My recommendations- first of all, unless you're planning on also getting a pressurized CO2 setup for this tank, you won't want to run anywhere near 216 watts of T5HO. I run only 108 watts of T5HO over my own 90gal low tech, and it's a challenge to maintain even that much without CO2. I have to watch my photoperiod carefully, and usually can only run 6-7 hours/day without running into algae issues. If you can, I'd plan to suspend the fixture up off the tank 6-8", this would really help moderate the light and let you run a longer photoperiod (though still only using 2 bulbs at a time).

Glosso probably isn't the best choice on a non-CO2 tank, either.
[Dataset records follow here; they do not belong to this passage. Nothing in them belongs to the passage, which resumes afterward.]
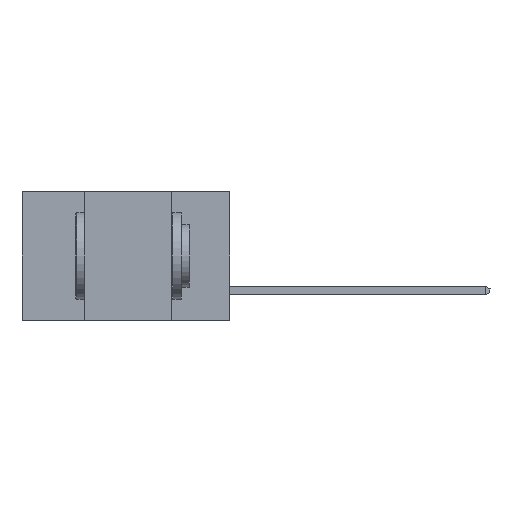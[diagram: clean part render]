
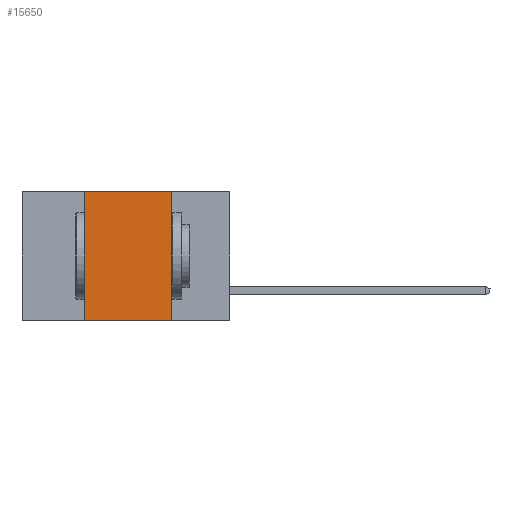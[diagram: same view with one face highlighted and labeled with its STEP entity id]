
A CAD part, left-side view. The second image highlights one B-rep face of the part: STEP entity #15650.
In plain terms, the highlighted planar face has unit normal (-1, 0, 0).
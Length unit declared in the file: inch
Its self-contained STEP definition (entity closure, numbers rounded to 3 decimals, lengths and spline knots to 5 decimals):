
#663 = CARTESIAN_POINT ( 'NONE',  ( 0., 0.42, -0.37 ) ) ;
#838 = LINE ( 'NONE', #9567, #12688 ) ;
#852 = LINE ( 'NONE', #16818, #8944 ) ;
#1259 = EDGE_CURVE ( 'NONE', #1796, #14092, #838, .T. ) ;
#1448 = CARTESIAN_POINT ( 'NONE',  ( 0., 0.6, 0. ) ) ;
#1796 = VERTEX_POINT ( 'NONE', #663 ) ;
#1926 = CARTESIAN_POINT ( 'NONE',  ( 0., 0.17, -0.37 ) ) ;
#3099 = CARTESIAN_POINT ( 'NONE',  ( 0., 0.17, -0.37 ) ) ;
#3758 = AXIS2_PLACEMENT_3D ( 'NONE', #1448, #5923, #17504 ) ;
#3870 = DIRECTION ( 'NONE',  ( 0., -1., 0. ) ) ;
#3886 = DIRECTION ( 'NONE',  ( 0., -1., 0. ) ) ;
#5161 = VECTOR ( 'NONE', #3886, 39.37008 ) ;
#5167 = ORIENTED_EDGE ( 'NONE', *, *, #1259, .F. ) ;
#5923 = DIRECTION ( 'NONE',  ( 1., 0., 0. ) ) ;
#6307 = ORIENTED_EDGE ( 'NONE', *, *, #9748, .F. ) ;
#6542 = EDGE_LOOP ( 'NONE', ( #6602, #6307, #5167, #16638 ) ) ;
#6602 = ORIENTED_EDGE ( 'NONE', *, *, #18565, .F. ) ;
#7153 = FACE_OUTER_BOUND ( 'NONE', #6542, .T. ) ;
#8370 = LINE ( 'NONE', #13782, #5161 ) ;
#8920 = DIRECTION ( 'NONE',  ( 0., 0., -1. ) ) ;
#8944 = VECTOR ( 'NONE', #3870, 39.37008 ) ;
#9567 = CARTESIAN_POINT ( 'NONE',  ( 0., 0.42, -0.37 ) ) ;
#9748 = EDGE_CURVE ( 'NONE', #14092, #10844, #8370, .T. ) ;
#10406 = VECTOR ( 'NONE', #8920, 39.37008 ) ;
#10844 = VERTEX_POINT ( 'NONE', #17606 ) ;
#10960 = VERTEX_POINT ( 'NONE', #1926 ) ;
#11533 = CARTESIAN_POINT ( 'NONE',  ( 0., 0.42, 0. ) ) ;
#11707 = PLANE ( 'NONE',  #3758 ) ;
#12688 = VECTOR ( 'NONE', #15364, 39.37008 ) ;
#13782 = CARTESIAN_POINT ( 'NONE',  ( 0., 0.6, 0. ) ) ;
#14092 = VERTEX_POINT ( 'NONE', #11533 ) ;
#15364 = DIRECTION ( 'NONE',  ( 0., 0., 1. ) ) ;
#15650 = ADVANCED_FACE ( 'NONE', ( #7153 ), #11707, .F. ) ;
#15752 = EDGE_CURVE ( 'NONE', #1796, #10960, #852, .T. ) ;
#16638 = ORIENTED_EDGE ( 'NONE', *, *, #15752, .T. ) ;
#16818 = CARTESIAN_POINT ( 'NONE',  ( 0., 0.6, -0.37 ) ) ;
#17504 = DIRECTION ( 'NONE',  ( 0., 0., -1. ) ) ;
#17606 = CARTESIAN_POINT ( 'NONE',  ( 0., 0.17, 0. ) ) ;
#17748 = LINE ( 'NONE', #3099, #10406 ) ;
#18565 = EDGE_CURVE ( 'NONE', #10844, #10960, #17748, .T. ) ;

You might want to look at Marselia minuta to give you a very similar appearance, but will carpet and do well without needing CO2.

I think your substrate plan will work, but some more very economical options to consider that would give you a much higher nutrient content in your substrate would be to make your own Mineralized Topsoil (see the sticky at the top of the substrate forum) or to get a big bag of Miracle Gro Organic Choice potting soil (about $10 at Home Depot/Lowes) and lay about 1" down in your tank under the gravel.

GL and I really look forward to seeing your project move along!


----------



## WaterLogged (Feb 2, 2011)

Sounds like this is going to be super fun!!! Post some pics plz!


----------



## Budget aquarist (Feb 1, 2011)

Thanks for the input! i have DIY co2 into the sump so, i will have moderate co2 fertilization, and i have a glass top with the tank so no need to suspend the light. and to the lighting thing, i have a timer that runs two lamps for twelve hours and four for five, is that ok? im planning on having lots of plants and algae eaters (my saimese algae eaters spawned).


----------



## lauraleellbp (Feb 3, 2008)

There's no way that DIY CO2 will work on a tank this size, unfortunately. Even if you ran 3 bottles spread across the back of the tank I doubt you could generate enough CO2, much less keep the levels consistent. Unless you can upgrade to a pressurized setup in the near future, I'd personally plan to keep this tank as a low light/low tech setup and just ditch the DIY CO2 all together.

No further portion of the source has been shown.